Investing in Late-Stage Clinical Trials and Manufacturing of Neglected Disease Product Candidates – Modeling the Benefits and Costs of Investments for Three Middle-Income Countries

2021 
Background: Investing in late-stage clinical trials, trial sites and production capacity for neglected disease products could improve access to vaccines, therapeutics, and diagnostics in middle-income countries (MICs). This study assesses the case for such investment in three MICs: India, Kenya, and South Africa. Methods: We modeled how many cases, deaths, and disability-adjusted life years (DALYs) could be averted from the development and manufacturing of new technologies (therapeutics and vaccines) in these countries. We also estimated the economic benefits that might accrue from making these investments and we develop benefit-cost ratios (BCRs) for each of the three MICs. Findings: From 2021-2036, product development and manufacturing in Kenya could avert 4.4 million deaths and 206.3 million DALYs in the Common Market for Eastern and Southern Africa (COMESA) region. In South Africa, it could prevent 5.2 million deaths and 253.8 million DALYs in the South African Development Community (SADC) region. In India, it could avert almost 9.8 million deaths and 374.4 million DALYs in Southeast Asia. Economic returns would be especially high if new tools were produced for regional markets rather than for domestic markets only.
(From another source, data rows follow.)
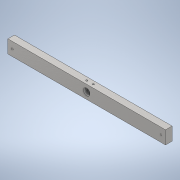
# Autodesk Inventor part: Steering Axle
Saved by Autodesk Inventor 2022 (Build 260153000, 153)
## iProperties
Created: 2021-12-06
Part Number: Steering Axle
Material: Generic
Document SubType Name: Modeling
Designer: Vedic
Density: 1 g/cm^3
Appearance: Default
Author: Vedic
Autodesk Inventor part; units mm, degrees
ref_plane "YZ Plane" through (0, 0, 0) normal (1, 0, 0) x (0, 1, 0)
ref_plane "XZ Plane" through (0, 0, 0) normal (0, 1, 0) x (-1, 0, 0)
ref_plane "XY Plane" through (0, 0, 0) normal (0, 0, 1) x (1, 0, 0)
sketch "Sketch1" plane through (0, 0, 0) normal (0, 0, 1) x (1, 0, 0)
  line L0 (-465.6684, -57.942) -> (143.9316, -57.942)
  line L1 (143.9316, -57.942) -> (143.9316, -108.742)
  line L2 (143.9316, -108.742) -> (-465.6684, -108.742)
  line L3 (-465.6684, -108.742) -> (-465.6684, -57.942)
  line L4 (-465.6684, -83.342) -> (143.9316, -83.342) construction
  circle A0 centre (-448.6631, -83.342) radius 3.175
  circle A1 centre (126.9263, -83.342) radius 3.175
  line L5 (-160.8684, -57.942) -> (-160.8684, -108.742) construction
  point P0 (0, 0)
  dimension "d0" = 575.5894
  dimension "d1" = 287.7947
  dimension "d2" = 609.6
  dimension "d3" = 6.35
  dimension "d4" = 50.8
  constraints: 12 end point, 4 midpoint, 2 centre point, 2 parallel, 2 point on line, 1 equal radius, 1 horizontal, 1 perpendicular
  measures "d0" distance of A1.centre A0.centre
  measures "d1" distance from line of A0.centre L5
  measures "d2" distance of L1.end L2.end
  measures "d3" diameter of A0
  measures "d4" distance of L0.end L1.end
extrude "Extrusion1" add sketch "Sketch1" along normal blind 25.4
sketch "Sketch2" plane through (-465.6684, -57.942, 0) normal (0, 1, 0) x (1, 0, 0)
  line L0 (0, 0) -> (0, -25.4) construction
  line L1 (0, -12.7) -> (609.6, -12.7) construction
  line L2 (609.6, 0) -> (609.6, -25.4) construction
  line L3 (0, -25.4) -> (609.6, -25.4) construction
  line L4 (304.8, -25.4) -> (304.8, 0) construction
  line L5 (0, 0) -> (609.6, 0) construction
  circle A0 centre (292.1, -12.7) radius 3.175
  circle A1 centre (317.5, -12.7) radius 3.175
  point P0 (465.6684, 0)
  dimension "d7" = 6.35
  dimension "d8" = 12.7
  dimension "d9" = 12.7
  constraints: 4 end point, 4 midpoint, 2 centre point, 2 point on line, 1 equal radius
  measures "d7" diameter of A0
  measures "d8" distance from line of L4 A0.centre
  measures "d9" distance from line of L4 A1.centre
extrude "Extrusion2" cut sketch "Sketch2" against normal through all
sketch "Sketch3" plane through (0, 0, 25.4) normal (0, 0, 1) x (1, 0, 0)
  line L0 (-465.6684, -57.942) -> (-465.6684, -108.742) construction
  line L1 (-465.6684, -83.342) -> (143.9316, -83.342) construction
  line L2 (143.9316, -108.742) -> (143.9316, -57.942) construction
  line L3 (143.9316, -57.942) -> (-465.6684, -57.942) construction
  line L4 (-160.8684, -57.942) -> (-160.8684, -108.742) construction
  line L5 (-465.6684, -108.742) -> (143.9316, -108.742) construction
  circle A0 centre (-160.8684, -83.342) radius 12.7
  point P0 (0, 0)
  dimension "d12" = 25.4
  constraints: 5 midpoint, 4 end point, 1 centre point
  measures "d12" diameter of A0
extrude "Extrusion3" cut sketch "Sketch3" against normal through all
equation "\"d1\" = 0.5 * d0"
equation "\"d9\" = d8"
body "Solid1"

Under a societal perspective, regional returns outweigh investments by a factor of 21 in Kenya, 33 in South Africa, and 68 in India. Interpretation: Our study supports the creation of regional hubs for clinical trials and product manufacturing compared to narrow national efforts. Funding: This study was funded by a grant from the Bill & Melinda Gates Foundation. Declaration of Interest: This study was approved by Duke University’s institutional review board (IRB). Ethical Approval: All authors report grants from Bill & Melinda Gates Foundation during the conduct of the study.Robert Karanja also serves as Chairman of Steering Committee of the Coalition for Health Research & Development (CHReaD), a policy and advocacy coalition that is funded by BMGF - that also funded this study.